Чувства человека нельзя разместить на веб-сайте или оформить в виде программного заявления. Истинно одаренные люди могут выразить их словами, но Кили — весьма посредственный писатель. Все его книги были написаны за него другими — об этом знают лишь она и его издатель. По понятным причинам Кили не хочет это афишировать. Писатель Кили всего лишь иллюзия, в которую поверили несколько миллионов человек, и он сам в их числе. Не то что Мишнер.
Катерине было не по себе от того, что накануне она вспылила в разговоре с ним. Еще до приезда в Рим она обещала себе: если их пути снова пересекутся, не давать воли словам. Ведь прошло много времени — они оба изменились. Но, увидев его на заседании трибунала, она поняла, что выполнить обещание будет очень непросто. Мишнер оставил неизгладимый след в ее душе. Катерина не хотела признаваться себе в этом, и чувство обиды нарастало в ней со скоростью ядерной реакции.
Лежа вчера ночью рядом с Кили, она пыталась понять: неужели это все, к чему привела ее непостоянная судьба, так непросто складывающаяся последние десять лет? Ее карьера не сложилась, личная жизнь катится под уклон, а сейчас она ждет звонка от второго по влиянию человека в Католической церкви, который поручил ей обманывать того, кого она до сих пор любит.

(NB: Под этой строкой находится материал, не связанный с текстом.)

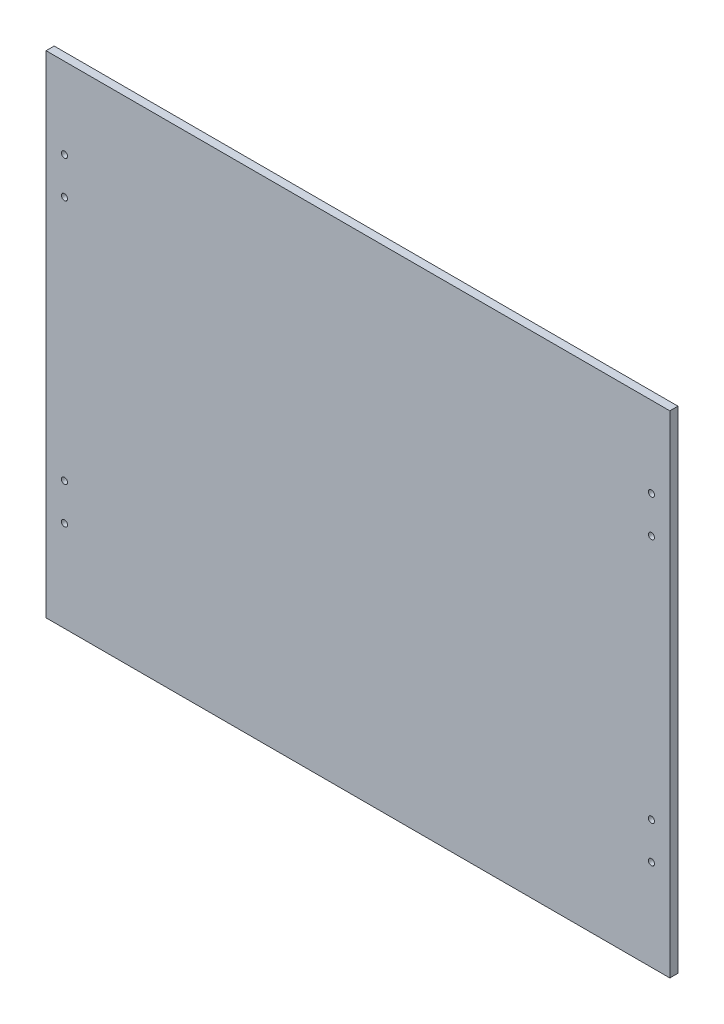
ISO-10303-21;
HEADER;
FILE_DESCRIPTION(('STEP AP214'),'2;1');
FILE_NAME('part.step','',(''),(''),'','','');
FILE_SCHEMA(('AUTOMOTIVE_DESIGN { 1 0 10303 214 1 1 1 1 }'));
ENDSEC;
DATA;
#1=APPLICATION_CONTEXT('core data for automotive mechanical design processes');
#2=APPLICATION_PROTOCOL_DEFINITION('international standard','automotive_design',2000,#1);
#3=PRODUCT_CONTEXT('',#1,'mechanical');
#4=PRODUCT('Part','Part','',(#3));
#5=PRODUCT_RELATED_PRODUCT_CATEGORY('part','',(#4));
#6=PRODUCT_DEFINITION_FORMATION('','',#4);
#7=PRODUCT_DEFINITION_CONTEXT('part definition',#1,'design');
#8=PRODUCT_DEFINITION('design','',#6,#7);
#9=PRODUCT_DEFINITION_SHAPE('','',#8);
#10=(LENGTH_UNIT() NAMED_UNIT(*) SI_UNIT(.MILLI.,.METRE.));
#11=(NAMED_UNIT(*) PLANE_ANGLE_UNIT() SI_UNIT($,.RADIAN.));
#12=(NAMED_UNIT(*) SI_UNIT($,.STERADIAN.) SOLID_ANGLE_UNIT());
#13=UNCERTAINTY_MEASURE_WITH_UNIT(LENGTH_MEASURE(1.E-05),#10,'distance_accuracy_value','');
#14=(GEOMETRIC_REPRESENTATION_CONTEXT(3) GLOBAL_UNCERTAINTY_ASSIGNED_CONTEXT((#13)) GLOBAL_UNIT_ASSIGNED_CONTEXT((#10,
#11,#12)) REPRESENTATION_CONTEXT('',''));
#15=CARTESIAN_POINT('',(0.,0.,0.));
#16=DIRECTION('',(0.,0.,1.));
#17=DIRECTION('',(1.,0.,0.));
#18=AXIS2_PLACEMENT_3D('',#15,#16,#17);
#19=CARTESIAN_POINT('',(0.,0.,3.3));
#20=DIRECTION('',(0.,0.,1.));
#21=DIRECTION('',(1.,0.,0.));
#22=AXIS2_PLACEMENT_3D('',#19,#20,#21);
#23=PLANE('',#22);
#24=CARTESIAN_POINT('',(-107.954545454545,-44.9714285714286,3.3));
#25=DIRECTION('',(0.,0.,1.));
#26=DIRECTION('',(1.,0.,0.));
#27=AXIS2_PLACEMENT_3D('',#24,#25,#26);
#28=CIRCLE('',#27,1.25);
#29=CARTESIAN_POINT('',(-106.704545454545,-44.9714285714286,3.3));
#30=VERTEX_POINT('',#29);
#31=EDGE_CURVE('E145',#30,#30,#28,.T.);
#32=ORIENTED_EDGE('',*,*,#31,.F.);
#33=EDGE_LOOP('',(#32));
#34=FACE_BOUND('',#33,.T.);
#35=CARTESIAN_POINT('',(-107.954545454545,-29.9714285714286,3.3));
#36=DIRECTION('',(0.,0.,1.));
#37=DIRECTION('',(1.,0.,0.));
#38=AXIS2_PLACEMENT_3D('',#35,#36,#37);
#39=CIRCLE('',#38,1.25);
#40=CARTESIAN_POINT('',(-106.704545454545,-29.9714285714286,3.3));
#41=VERTEX_POINT('',#40);
#42=EDGE_CURVE('E133',#41,#41,#39,.T.);
#43=ORIENTED_EDGE('',*,*,#42,.F.);
#44=EDGE_LOOP('',(#43));
#45=FACE_BOUND('',#44,.T.);
#46=CARTESIAN_POINT('',(131.045454545455,85.0285714285714,3.3));
#47=DIRECTION('',(0.,0.,1.));
#48=DIRECTION('',(1.,0.,0.));
#49=AXIS2_PLACEMENT_3D('',#46,#47,#48);
#50=CIRCLE('',#49,1.25000000000001);
#51=CARTESIAN_POINT('',(132.295454545455,85.0285714285714,3.3));
#52=VERTEX_POINT('',#51);
#53=EDGE_CURVE('E121',#52,#52,#50,.T.);
#54=ORIENTED_EDGE('',*,*,#53,.F.);
#55=EDGE_LOOP('',(#54));
#56=FACE_BOUND('',#55,.T.);
#57=CARTESIAN_POINT('',(-107.954545454545,85.0285714285714,3.3));
#58=DIRECTION('',(0.,0.,1.));
#59=DIRECTION('',(1.,0.,0.));
#60=AXIS2_PLACEMENT_3D('',#57,#58,#59);
#61=CIRCLE('',#60,1.25);
#62=CARTESIAN_POINT('',(-106.704545454545,85.0285714285714,3.3));
#63=VERTEX_POINT('',#62);
#64=EDGE_CURVE('E100',#63,#63,#61,.T.);
#65=ORIENTED_EDGE('',*,*,#64,.F.);
#66=EDGE_LOOP('',(#65));
#67=FACE_BOUND('',#66,.T.);
#68=DIRECTION('',(0.,-1.,0.));
#69=VECTOR('',#68,1.);
#70=CARTESIAN_POINT('',(-115.454545454545,117.928571428571,3.3));
#71=LINE('',#70,#69);
#72=CARTESIAN_POINT('',(-115.454545454545,117.928571428571,3.3));
#73=VERTEX_POINT('',#72);
#74=CARTESIAN_POINT('',(-115.454545454545,-82.0714285714286,3.3));
#75=VERTEX_POINT('',#74);
#76=EDGE_CURVE('E85',#73,#75,#71,.T.);
#77=ORIENTED_EDGE('',*,*,#76,.T.);
#78=DIRECTION('',(1.,0.,0.));
#79=VECTOR('',#78,1.);
#80=CARTESIAN_POINT('',(-115.454545454545,-82.0714285714286,3.3));
#81=LINE('',#80,#79);
#82=CARTESIAN_POINT('',(138.545454545455,-82.0714285714286,3.3));
#83=VERTEX_POINT('',#82);
#84=EDGE_CURVE('E80',#75,#83,#81,.T.);
#85=ORIENTED_EDGE('',*,*,#84,.T.);
#86=DIRECTION('',(0.,1.,0.));
#87=VECTOR('',#86,1.);
#88=CARTESIAN_POINT('',(138.545454545455,117.928571428571,3.3));
#89=LINE('',#88,#87);
#90=CARTESIAN_POINT('',(138.545454545455,117.928571428571,3.3));
#91=VERTEX_POINT('',#90);
#92=EDGE_CURVE('E83',#83,#91,#89,.T.);
#93=ORIENTED_EDGE('',*,*,#92,.T.);
#94=DIRECTION('',(-1.,0.,0.));
#95=VECTOR('',#94,1.);
#96=CARTESIAN_POINT('',(-115.454545454545,117.928571428571,3.3));
#97=LINE('',#96,#95);
#98=EDGE_CURVE('E50',#91,#73,#97,.T.);
#99=ORIENTED_EDGE('',*,*,#98,.T.);
#100=EDGE_LOOP('',(#77,#85,#93,#99));
#101=FACE_BOUND('',#100,.T.);
#102=CARTESIAN_POINT('',(-107.954545454545,70.0285714285714,3.3));
#103=DIRECTION('',(0.,0.,1.));
#104=DIRECTION('',(1.,0.,0.));
#105=AXIS2_PLACEMENT_3D('',#102,#103,#104);
#106=CIRCLE('',#105,1.25);
#107=CARTESIAN_POINT('',(-106.704545454545,70.0285714285714,3.3));
#108=VERTEX_POINT('',#107);
#109=EDGE_CURVE('E115',#108,#108,#106,.T.);
#110=ORIENTED_EDGE('',*,*,#109,.F.);
#111=EDGE_LOOP('',(#110));
#112=FACE_BOUND('',#111,.T.);
#113=CARTESIAN_POINT('',(131.045454545455,70.0285714285714,3.3));
#114=DIRECTION('',(0.,0.,1.));
#115=DIRECTION('',(1.,0.,0.));
#116=AXIS2_PLACEMENT_3D('',#113,#114,#115);
#117=CIRCLE('',#116,1.25000000000001);
#118=CARTESIAN_POINT('',(132.295454545455,70.0285714285714,3.3));
#119=VERTEX_POINT('',#118);
#120=EDGE_CURVE('E127',#119,#119,#117,.T.);
#121=ORIENTED_EDGE('',*,*,#120,.F.);
#122=EDGE_LOOP('',(#121));
#123=FACE_BOUND('',#122,.T.);
#124=CARTESIAN_POINT('',(131.045454545455,-29.9714285714286,3.3));
#125=DIRECTION('',(0.,0.,1.));
#126=DIRECTION('',(1.,0.,0.));
#127=AXIS2_PLACEMENT_3D('',#124,#125,#126);
#128=CIRCLE('',#127,1.25000000000001);
#129=CARTESIAN_POINT('',(132.295454545455,-29.9714285714286,3.3));
#130=VERTEX_POINT('',#129);
#131=EDGE_CURVE('E139',#130,#130,#128,.T.);
#132=ORIENTED_EDGE('',*,*,#131,.F.);
#133=EDGE_LOOP('',(#132));
#134=FACE_BOUND('',#133,.T.);
#135=CARTESIAN_POINT('',(131.045454545455,-44.9714285714286,3.3));
#136=DIRECTION('',(0.,0.,1.));
#137=DIRECTION('',(1.,0.,0.));
#138=AXIS2_PLACEMENT_3D('',#135,#136,#137);
#139=CIRCLE('',#138,1.25000000000001);
#140=CARTESIAN_POINT('',(132.295454545455,-44.9714285714286,3.3));
#141=VERTEX_POINT('',#140);
#142=EDGE_CURVE('E151',#141,#141,#139,.T.);
#143=ORIENTED_EDGE('',*,*,#142,.F.);
#144=EDGE_LOOP('',(#143));
#145=FACE_BOUND('',#144,.T.);
#146=ADVANCED_FACE('F33',(#34,#45,#56,#67,#101,#112,#123,#134,#145),#23,.T.);
#147=CARTESIAN_POINT('',(0.,0.,0.));
#148=DIRECTION('',(0.,0.,1.));
#149=DIRECTION('',(1.,0.,0.));
#150=AXIS2_PLACEMENT_3D('',#147,#148,#149);
#151=PLANE('',#150);
#152=DIRECTION('',(0.,-1.,0.));
#153=VECTOR('',#152,1.);
#154=CARTESIAN_POINT('',(-115.454545454545,117.928571428571,0.));
#155=LINE('',#154,#153);
#156=CARTESIAN_POINT('',(-115.454545454545,117.928571428571,0.));
#157=VERTEX_POINT('',#156);
#158=CARTESIAN_POINT('',(-115.454545454545,-82.0714285714286,0.));
#159=VERTEX_POINT('',#158);
#160=EDGE_CURVE('E97',#157,#159,#155,.T.);
#161=ORIENTED_EDGE('',*,*,#160,.F.);
#162=DIRECTION('',(-1.,0.,0.));
#163=VECTOR('',#162,1.);
#164=CARTESIAN_POINT('',(-115.454545454545,117.928571428571,0.));
#165=LINE('',#164,#163);
#166=CARTESIAN_POINT('',(138.545454545455,117.928571428571,0.));
#167=VERTEX_POINT('',#166);
#168=EDGE_CURVE('E73',#167,#157,#165,.T.);
#169=ORIENTED_EDGE('',*,*,#168,.F.);
#170=DIRECTION('',(0.,1.,0.));
#171=VECTOR('',#170,1.);
#172=CARTESIAN_POINT('',(138.545454545455,117.928571428571,0.));
#173=LINE('',#172,#171);
#174=CARTESIAN_POINT('',(138.545454545455,-82.0714285714286,0.));
#175=VERTEX_POINT('',#174);
#176=EDGE_CURVE('E67',#175,#167,#173,.T.);
#177=ORIENTED_EDGE('',*,*,#176,.F.);
#178=DIRECTION('',(1.,0.,0.));
#179=VECTOR('',#178,1.);
#180=CARTESIAN_POINT('',(-115.454545454545,-82.0714285714286,0.));
#181=LINE('',#180,#179);
#182=EDGE_CURVE('E89',#159,#175,#181,.T.);
#183=ORIENTED_EDGE('',*,*,#182,.F.);
#184=EDGE_LOOP('',(#161,#169,#177,#183));
#185=FACE_BOUND('',#184,.T.);
#186=CARTESIAN_POINT('',(-107.954545454545,85.0285714285714,0.));
#187=DIRECTION('',(0.,0.,1.));
#188=DIRECTION('',(1.,0.,0.));
#189=AXIS2_PLACEMENT_3D('',#186,#187,#188);
#190=CIRCLE('',#189,1.25);
#191=CARTESIAN_POINT('',(-106.704545454545,85.0285714285714,0.));
#192=VERTEX_POINT('',#191);
#193=EDGE_CURVE('E112',#192,#192,#190,.T.);
#194=ORIENTED_EDGE('',*,*,#193,.T.);
#195=EDGE_LOOP('',(#194));
#196=FACE_BOUND('',#195,.T.);
#197=CARTESIAN_POINT('',(-107.954545454545,70.0285714285714,0.));
#198=DIRECTION('',(0.,0.,1.));
#199=DIRECTION('',(1.,0.,0.));
#200=AXIS2_PLACEMENT_3D('',#197,#198,#199);
#201=CIRCLE('',#200,1.25);
#202=CARTESIAN_POINT('',(-106.704545454545,70.0285714285714,0.));
#203=VERTEX_POINT('',#202);
#204=EDGE_CURVE('E118',#203,#203,#201,.T.);
#205=ORIENTED_EDGE('',*,*,#204,.T.);
#206=EDGE_LOOP('',(#205));
#207=FACE_BOUND('',#206,.T.);
#208=CARTESIAN_POINT('',(131.045454545455,85.0285714285714,0.));
#209=DIRECTION('',(0.,0.,1.));
#210=DIRECTION('',(1.,0.,0.));
#211=AXIS2_PLACEMENT_3D('',#208,#209,#210);
#212=CIRCLE('',#211,1.25000000000001);
#213=CARTESIAN_POINT('',(132.295454545455,85.0285714285714,0.));
#214=VERTEX_POINT('',#213);
#215=EDGE_CURVE('E124',#214,#214,#212,.T.);
#216=ORIENTED_EDGE('',*,*,#215,.T.);
#217=EDGE_LOOP('',(#216));
#218=FACE_BOUND('',#217,.T.);
#219=CARTESIAN_POINT('',(131.045454545455,70.0285714285714,0.));
#220=DIRECTION('',(0.,0.,1.));
#221=DIRECTION('',(1.,0.,0.));
#222=AXIS2_PLACEMENT_3D('',#219,#220,#221);
#223=CIRCLE('',#222,1.25000000000001);
#224=CARTESIAN_POINT('',(132.295454545455,70.0285714285714,0.));
#225=VERTEX_POINT('',#224);
#226=EDGE_CURVE('E130',#225,#225,#223,.T.);
#227=ORIENTED_EDGE('',*,*,#226,.T.);
#228=EDGE_LOOP('',(#227));
#229=FACE_BOUND('',#228,.T.);
#230=CARTESIAN_POINT('',(-107.954545454545,-29.9714285714286,0.));
#231=DIRECTION('',(0.,0.,1.));
#232=DIRECTION('',(1.,0.,0.));
#233=AXIS2_PLACEMENT_3D('',#230,#231,#232);
#234=CIRCLE('',#233,1.25);
#235=CARTESIAN_POINT('',(-106.704545454545,-29.9714285714286,0.));
#236=VERTEX_POINT('',#235);
#237=EDGE_CURVE('E136',#236,#236,#234,.T.);
#238=ORIENTED_EDGE('',*,*,#237,.T.);
#239=EDGE_LOOP('',(#238));
#240=FACE_BOUND('',#239,.T.);
#241=CARTESIAN_POINT('',(131.045454545455,-29.9714285714286,0.));
#242=DIRECTION('',(0.,0.,1.));
#243=DIRECTION('',(1.,0.,0.));
#244=AXIS2_PLACEMENT_3D('',#241,#242,#243);
#245=CIRCLE('',#244,1.25000000000001);
#246=CARTESIAN_POINT('',(132.295454545455,-29.9714285714286,0.));
#247=VERTEX_POINT('',#246);
#248=EDGE_CURVE('E142',#247,#247,#245,.T.);
#249=ORIENTED_EDGE('',*,*,#248,.T.);
#250=EDGE_LOOP('',(#249));
#251=FACE_BOUND('',#250,.T.);
#252=CARTESIAN_POINT('',(-107.954545454545,-44.9714285714286,0.));
#253=DIRECTION('',(0.,0.,1.));
#254=DIRECTION('',(1.,0.,0.));
#255=AXIS2_PLACEMENT_3D('',#252,#253,#254);
#256=CIRCLE('',#255,1.25);
#257=CARTESIAN_POINT('',(-106.704545454545,-44.9714285714286,0.));
#258=VERTEX_POINT('',#257);
#259=EDGE_CURVE('E148',#258,#258,#256,.T.);
#260=ORIENTED_EDGE('',*,*,#259,.T.);
#261=EDGE_LOOP('',(#260));
#262=FACE_BOUND('',#261,.T.);
#263=CARTESIAN_POINT('',(131.045454545455,-44.9714285714286,0.));
#264=DIRECTION('',(0.,0.,1.));
#265=DIRECTION('',(1.,0.,0.));
#266=AXIS2_PLACEMENT_3D('',#263,#264,#265);
#267=CIRCLE('',#266,1.25000000000001);
#268=CARTESIAN_POINT('',(132.295454545455,-44.9714285714286,0.));
#269=VERTEX_POINT('',#268);
#270=EDGE_CURVE('E154',#269,#269,#267,.T.);
#271=ORIENTED_EDGE('',*,*,#270,.T.);
#272=EDGE_LOOP('',(#271));
#273=FACE_BOUND('',#272,.T.);
#274=ADVANCED_FACE('F108',(#185,#196,#207,#218,#229,#240,#251,#262,#273),#151,.F.);
#275=CARTESIAN_POINT('',(-115.454545454545,117.928571428571,3.3));
#276=DIRECTION('',(1.,0.,0.));
#277=DIRECTION('',(0.,1.,0.));
#278=AXIS2_PLACEMENT_3D('',#275,#276,#277);
#279=PLANE('',#278);
#280=ORIENTED_EDGE('',*,*,#160,.T.);
#281=DIRECTION('',(0.,0.,-1.));
#282=VECTOR('',#281,1.);
#283=CARTESIAN_POINT('',(-115.454545454545,-82.0714285714286,3.3));
#284=LINE('',#283,#282);
#285=EDGE_CURVE('E11',#75,#159,#284,.T.);
#286=ORIENTED_EDGE('',*,*,#285,.F.);
#287=ORIENTED_EDGE('',*,*,#76,.F.);
#288=DIRECTION('',(0.,0.,-1.));
#289=VECTOR('',#288,1.);
#290=CARTESIAN_POINT('',(-115.454545454545,117.928571428571,3.3));
#291=LINE('',#290,#289);
#292=EDGE_CURVE('E93',#73,#157,#291,.T.);
#293=ORIENTED_EDGE('',*,*,#292,.T.);
#294=EDGE_LOOP('',(#280,#286,#287,#293));
#295=FACE_BOUND('',#294,.T.);
#296=ADVANCED_FACE('F35',(#295),#279,.F.);
#297=CARTESIAN_POINT('',(-115.454545454545,-82.0714285714286,3.3));
#298=DIRECTION('',(0.,1.,0.));
#299=DIRECTION('',(0.,0.,1.));
#300=AXIS2_PLACEMENT_3D('',#297,#298,#299);
#301=PLANE('',#300);
#302=ORIENTED_EDGE('',*,*,#182,.T.);
#303=DIRECTION('',(0.,0.,-1.));
#304=VECTOR('',#303,1.);
#305=CARTESIAN_POINT('',(138.545454545455,-82.0714285714286,3.3));
#306=LINE('',#305,#304);
#307=EDGE_CURVE('E42',#83,#175,#306,.T.);
#308=ORIENTED_EDGE('',*,*,#307,.F.);
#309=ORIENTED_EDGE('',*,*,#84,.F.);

До этого она расспрашивала итальянских журналистов и выяснила, что Валендреа — неоднозначная фигура. Он родился в богатой аристократической итальянской семье. В его роду были по крайней мере два папы и пять кардиналов, а его многочисленные дядюшки и братья занимались или политикой, или международным бизнесом. Кроме того, клан Валендреа занимает крепкие позиции среди ценителей европейского искусства. Им принадлежат многие дворцы и поместья. Семья очень осмотрительно вела себя в правление Муссолини и была еще осторожнее при всех последующих режимах, сменяющих друг друга в послевоенной Италии. В руках клана сосредоточились значительные денежные средства и крупные промышленные предприятия, и его члены очень разборчивы в оказании кому-то поддержки.